# So i see fish. but they wont bite.... what am i doing wrong



## jaysmith850 (Aug 23, 2013)

long post but thanks in advance. I fish mostly in the Destin ft Walton beach area and being that i do not own a boat i mostly fish from the shore or docks at night time. i have been able to find a few (what i consider great) spots that have both light out of and in the water and here i where my problem lies. 

over the month or so ive went from at least being able to catch and release short fish to not even getting bites other than the ever present pin fish nibble. i want to reiterate that the places i fish have good light and im seeing fish and not the occasional cruising fish, a couple of the paces i was fishing this weekend probably had 15-20 fish (lady, specs, reds) that were staying right around the light. i was watching them eat, i saw trout hitting needle fish, reds/ trout going after finger mullet, the ladys were really going after the 2 bay shrimp i saw come into the lights and all three were occasionally going in the schools of small bait that were coming in and out of the light.

i feel like ive tried everything. just this weekend alone ive put around 15 hrs on the water in various spots(5) around the bay between the early dusk hours to 12-1 o'clock in the morning and i literally only caught 4 catfish and a hand full of pinfish.. i have a small 6 or 7 foot bait net that has done me well in the past but even putting in a hour or so each night i was hardly able to get anything. i probably put in 500 cast with varying artificials and ill start by saying that the fish over here dont care about a matrix or vortex shad as much as the next one of my lures lol. mr17, skitterwalk, gulp, doa shrimp on and off a popping cork, jerk baits, zman, crystal minnow, gold spoons the fish did not want any of it. the only thing i havent tried is live shrimp but most of the bait shops are closed by the time i get down to the bay.

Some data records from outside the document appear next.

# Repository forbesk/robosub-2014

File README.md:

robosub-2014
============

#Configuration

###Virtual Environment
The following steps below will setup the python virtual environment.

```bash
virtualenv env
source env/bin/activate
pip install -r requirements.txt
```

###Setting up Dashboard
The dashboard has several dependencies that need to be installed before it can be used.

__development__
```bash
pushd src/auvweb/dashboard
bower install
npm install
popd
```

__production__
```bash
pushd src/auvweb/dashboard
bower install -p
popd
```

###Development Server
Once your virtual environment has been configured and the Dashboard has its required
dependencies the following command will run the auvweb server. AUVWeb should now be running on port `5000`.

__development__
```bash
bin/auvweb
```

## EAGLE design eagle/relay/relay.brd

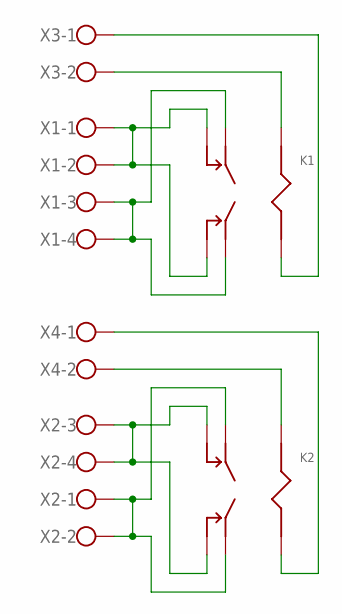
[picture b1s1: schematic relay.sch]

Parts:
K1, K2: T92S7D12; T92-PCPIN
X1, X2: W237-4
X3, X4: W237-102

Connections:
unnamed: K1.2A (2), K1.2B (2), K1.6A (6), K1.6B (6), X1.1, X1.2
unnamed: K1.4A (4), K1.4B (4), K1.8A (8), K1.8B (8), X1.3, X1.4
unnamed: K1.0A (0), K1.0B (0), X3.2
unnamed: K1.1A (1), K1.1B (1), X3.1
unnamed: K2.2A (2), K2.2B (2), K2.6A (6), K2.6B (6), X2.3, X2.4
unnamed: K2.4A (4), K2.4B (4), K2.8A (8), K2.8B (8), X2.1, X2.2
unnamed: K2.0A (0), K2.0B (0), X4.2
unnamed: K2.1A (1), K2.1B (1), X4.1

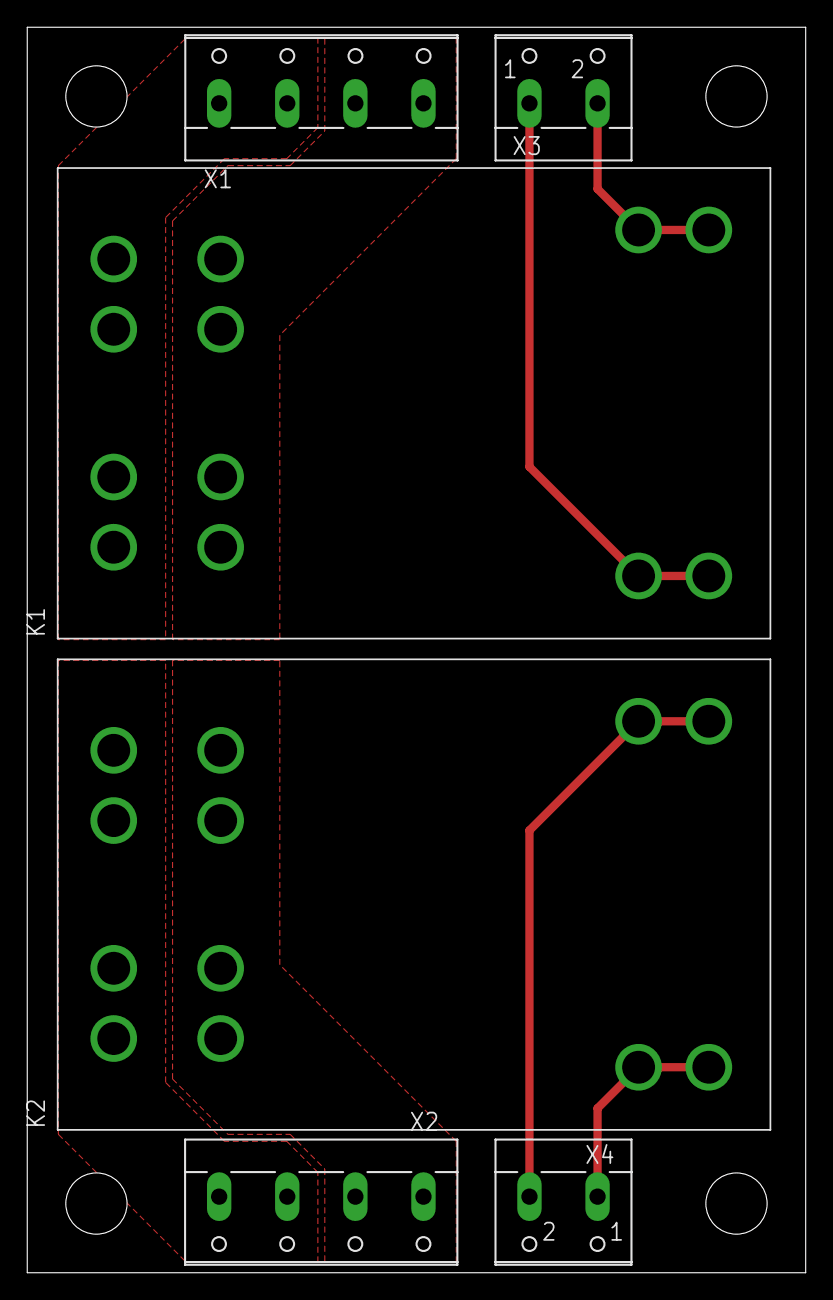
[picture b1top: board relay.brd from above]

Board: 2 copper layers, 57.1 x 91.4 mm, 6 parts (0 on the bottom side), 8 nets.

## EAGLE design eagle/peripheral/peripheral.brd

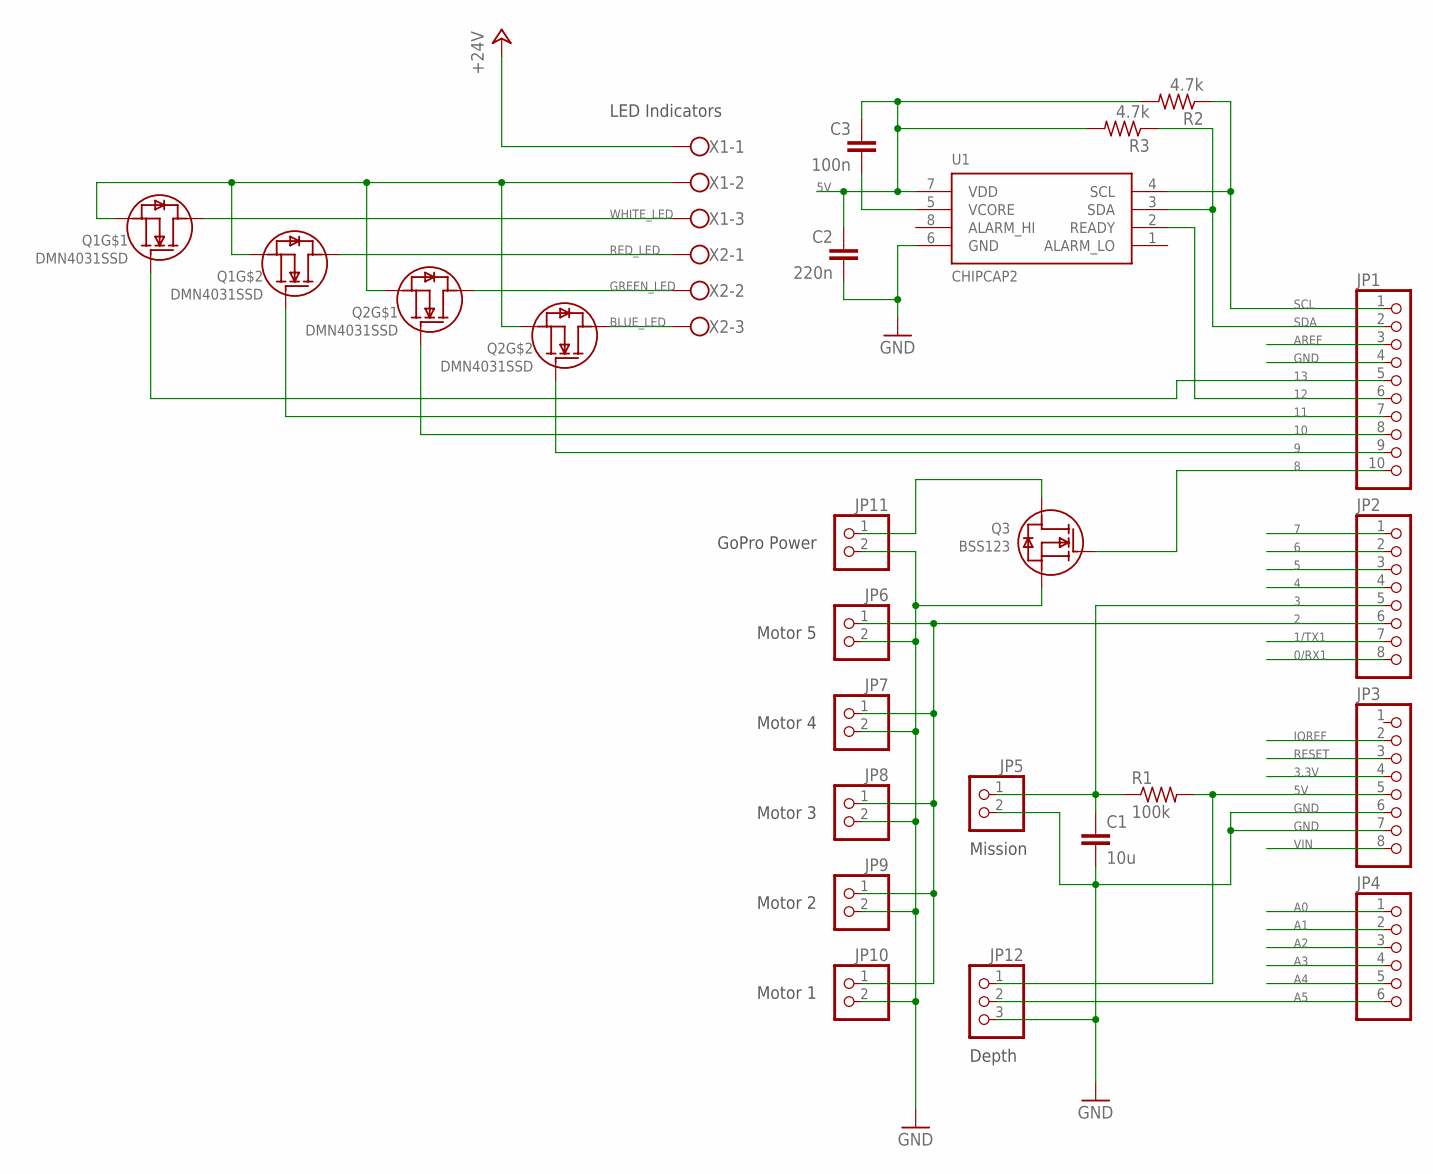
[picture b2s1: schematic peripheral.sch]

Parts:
C1: 10u; C0805K
C2: 220n; C0603
C3: 100n; C0603
JP1: PINHD-1X10; 1X10
JP2, JP3: PINHD-1X8; 1X08
JP4: PINHD-1X6; 1X06
JP5, JP6, JP7, JP8, JP9, JP10, JP11: PINHD-1X2; 1X02
JP12: PINHD-1X3; 1X03
Q1, Q2: DMN4031SSD; SO-8
Q3: BSS123; SOT-23
R1: 100k; R0805
R2, R3: 4.7k; R0603
U1: CHIPCAP2
X1, X2: W237-103

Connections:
0/RX1: JP2.8
1/TX1: JP2.7
2: JP2.6, JP6.1, JP7.1, JP8.1, JP9.1, JP10.1
3: C1.1, JP2.5, JP5.1, R1.1
3.3V: JP3.4
4: JP2.4
5: JP2.3
5V: C2.1, C3.1, JP3.5, JP12.1, R1.2, R2.2, R3.2, U1.7 (VDD)
6: JP2.2
7: JP2.1
8: JP1.10, Q3.1 (G)
9: JP1.9, Q2.2 (G)
10: JP1.8, Q2.4 (G)
11: JP1.7, Q1.2 (G)
12: JP1.6, U1.2 (READY)
13: JP1.5, Q1.4 (G)
+24V: X1.1
A0: JP4.1
A1: JP4.2
A2: JP4.3
A3: JP4.4
A4: JP4.5
A5: JP4.6, JP12.2
AREF: JP1.3
BLUE_LED: Q2.7 (D), Q2.8 (D), X2.3
GND: C1.2, C2.2, JP1.4, JP3.6, JP3.7, JP5.2, JP6.2, JP7.2, JP8.2, JP9.2, JP10.2, JP11.2, JP12.3, Q3.3 (S), U1.6 (GND)
GREEN_LED: Q2.5 (D), Q2.6 (D), X2.2
IOREF: JP3.2
unnamed: JP11.1, Q3.2 (D)
unnamed: C3.2, U1.5 (VCORE)
unnamed: Q1.1 (S), Q1.3 (S), Q2.1 (S), Q2.3 (S), X1.2
RED_LED: Q1.7 (D), Q1.8 (D), X2.1
RESET: JP3.3
SCL: JP1.1, R2.1, U1.4 (SCL)
SDA: JP1.2, R3.1, U1.3 (SDA)
VIN: JP3.8
WHITE_LED: Q1.5 (D), Q1.6 (D), X1.3

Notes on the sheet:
Motor 1
Motor 2
Motor 3
Motor 4
Motor 5
GoPro Power
Mission
Depth
LED Indicators

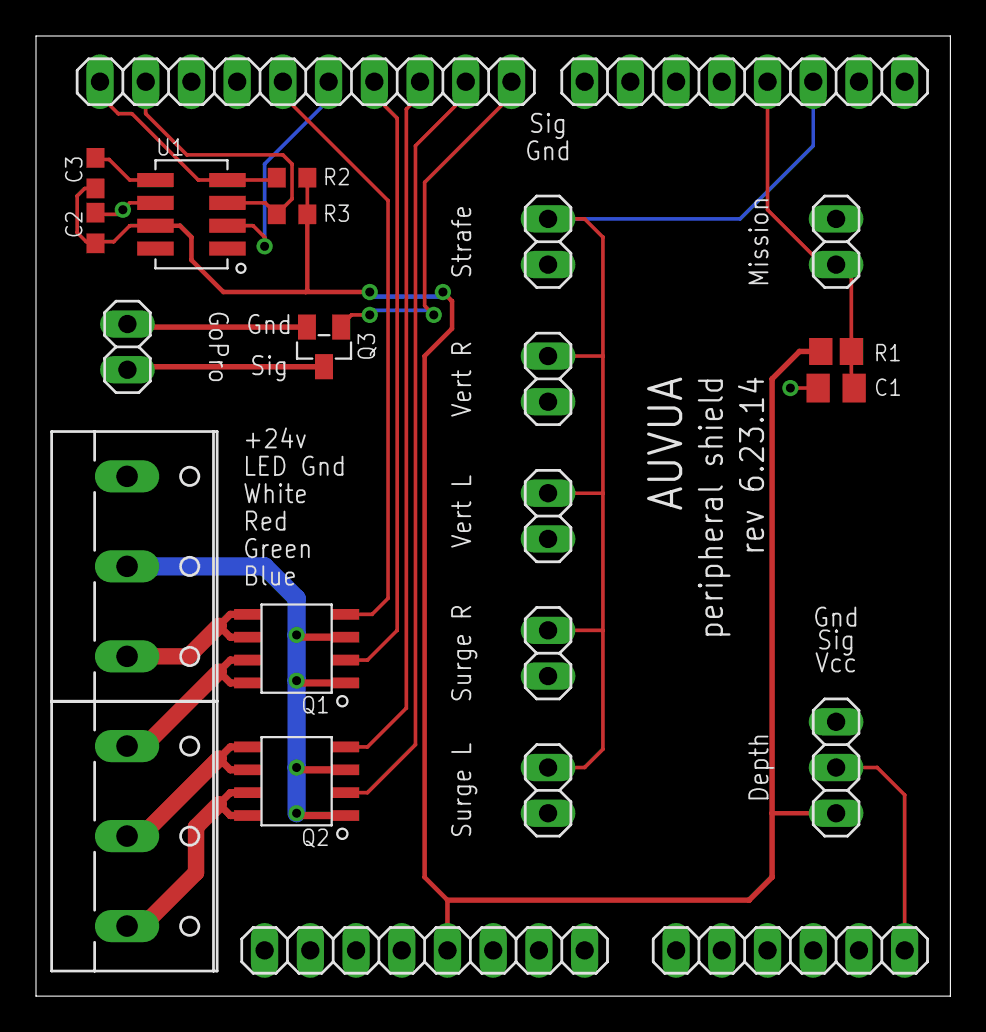
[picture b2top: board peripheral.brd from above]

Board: 2 copper layers, 50.8 x 53.3 mm, 24 parts (0 on the bottom side), 20 nets.

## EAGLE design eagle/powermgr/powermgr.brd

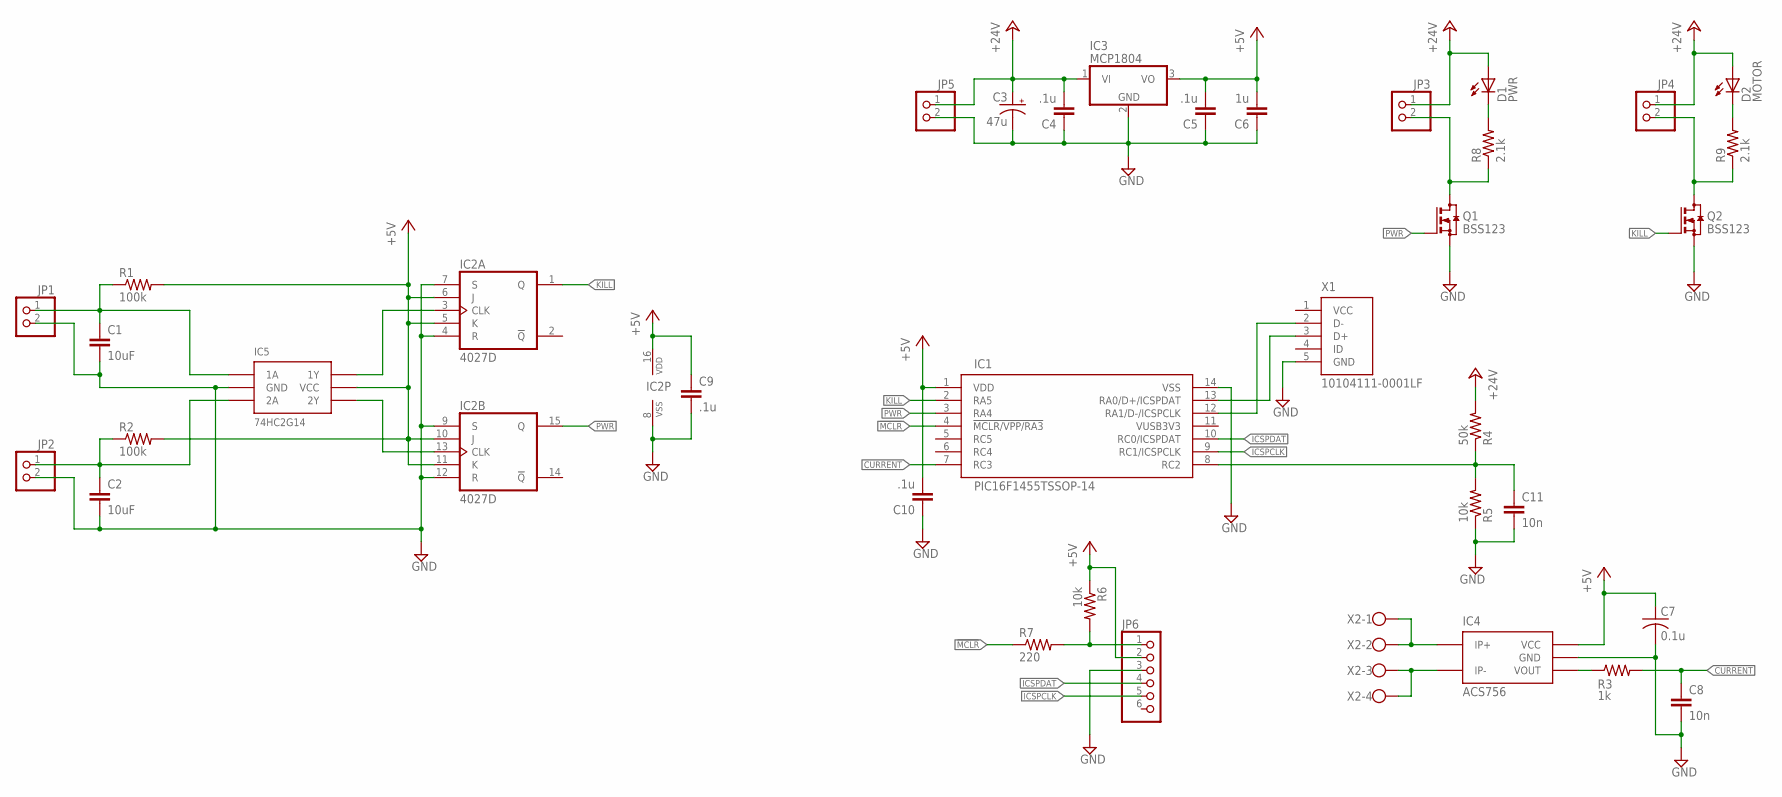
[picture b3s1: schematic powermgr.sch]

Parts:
C1, C2: 10uF; C0805
C3: 47u; E2,5-6
C4, C5: .1u; C0805
C6: 1u; C0805
C7: 0.1u; C1206K
C8, C11: 10n; C0603K
C9, C10: .1u; C0603K
D1: PWR; CHIP-LED0805
D2: MOTOR; CHIP-LED0805
IC1: PIC16F1455TSSOP-14; TSSOP-14
IC2: 4027D; SO16
IC3: MCP1804; SOT223
IC4: ACS756; 5PFF
IC5: 74HC2G14; TSSOP-6
JP1, JP2, JP3, JP4, JP5: PINHD-1X2; 1X02
JP6: PINHD-1X6; 1X06
Q1, Q2: BSS123; SOT23
R1, R2: 100k; R0805
R3: 1k; R0603
R4: 50k; R0603
R5, R6: 10k; R0603
R7: 220; R0603
R8, R9: 2.1k; R0805
X1: 10104111-0001LF; USBAB
X2: W237-4

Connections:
!MCLR: IC1.4 (!MCLR/VPP/RA3), R7.1
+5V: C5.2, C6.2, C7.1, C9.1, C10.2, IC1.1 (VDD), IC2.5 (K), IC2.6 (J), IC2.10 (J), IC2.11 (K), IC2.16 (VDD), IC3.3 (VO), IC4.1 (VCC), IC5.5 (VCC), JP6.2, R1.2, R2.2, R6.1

i guess if anyone could give me some pointers as to what i need to do when i see 15 or so fish on a light and actually catch one of them id greatly appreciate it. im ready to put some dinner on the table


----------



## 301bLLC (Nov 23, 2013)

I'm no expert but I'd downsize your line, leader and hooks until you start to catch. Use live bait when you can.


----------



## Bodupp (Oct 3, 2007)

Stay out of the light and keep movement/noise to a minimum. Catch some 2" pinfish or croakers beforehand (catch your bait somewhere besides where you're fishing), and fish them 2 ft under a SMALL float. Approach the light in stealth mode (wear dark clothing) and cast to the outer edge of the light. Stay in the shadows. 

All this might seem silly, but you'll do lots better if you don't underestimate your quarry.


----------



## NLytle (May 13, 2014)

Let's start with the basics. 

What are you using for leader material?

I personally use 12 lb. Fluorocarbon. 

The majority of fish in the lights are eating tiny bait, whether it be shrimp or various bait fish.

Don't cast into the light, cast past the light as far into the dark as you can, then slowly work the lure back to you. The lure should stay out of the brightest part of the light and remain in the shadows. 

I prefer to use a white fluke with a 3/0 - 5/0 hook in these situations. The bigger hook weighs more and allows the fluke to sink at a faster rate.

Match the hatch.



Sent from my iPhone using Tapatalk


----------



## gulfcoastghost (Jun 25, 2015)

By the time you find a light that has fish other people have thrown thousands of lures at them. Id suggest you start freelining (live shrimp) on lighter line 10-12 w/o leader.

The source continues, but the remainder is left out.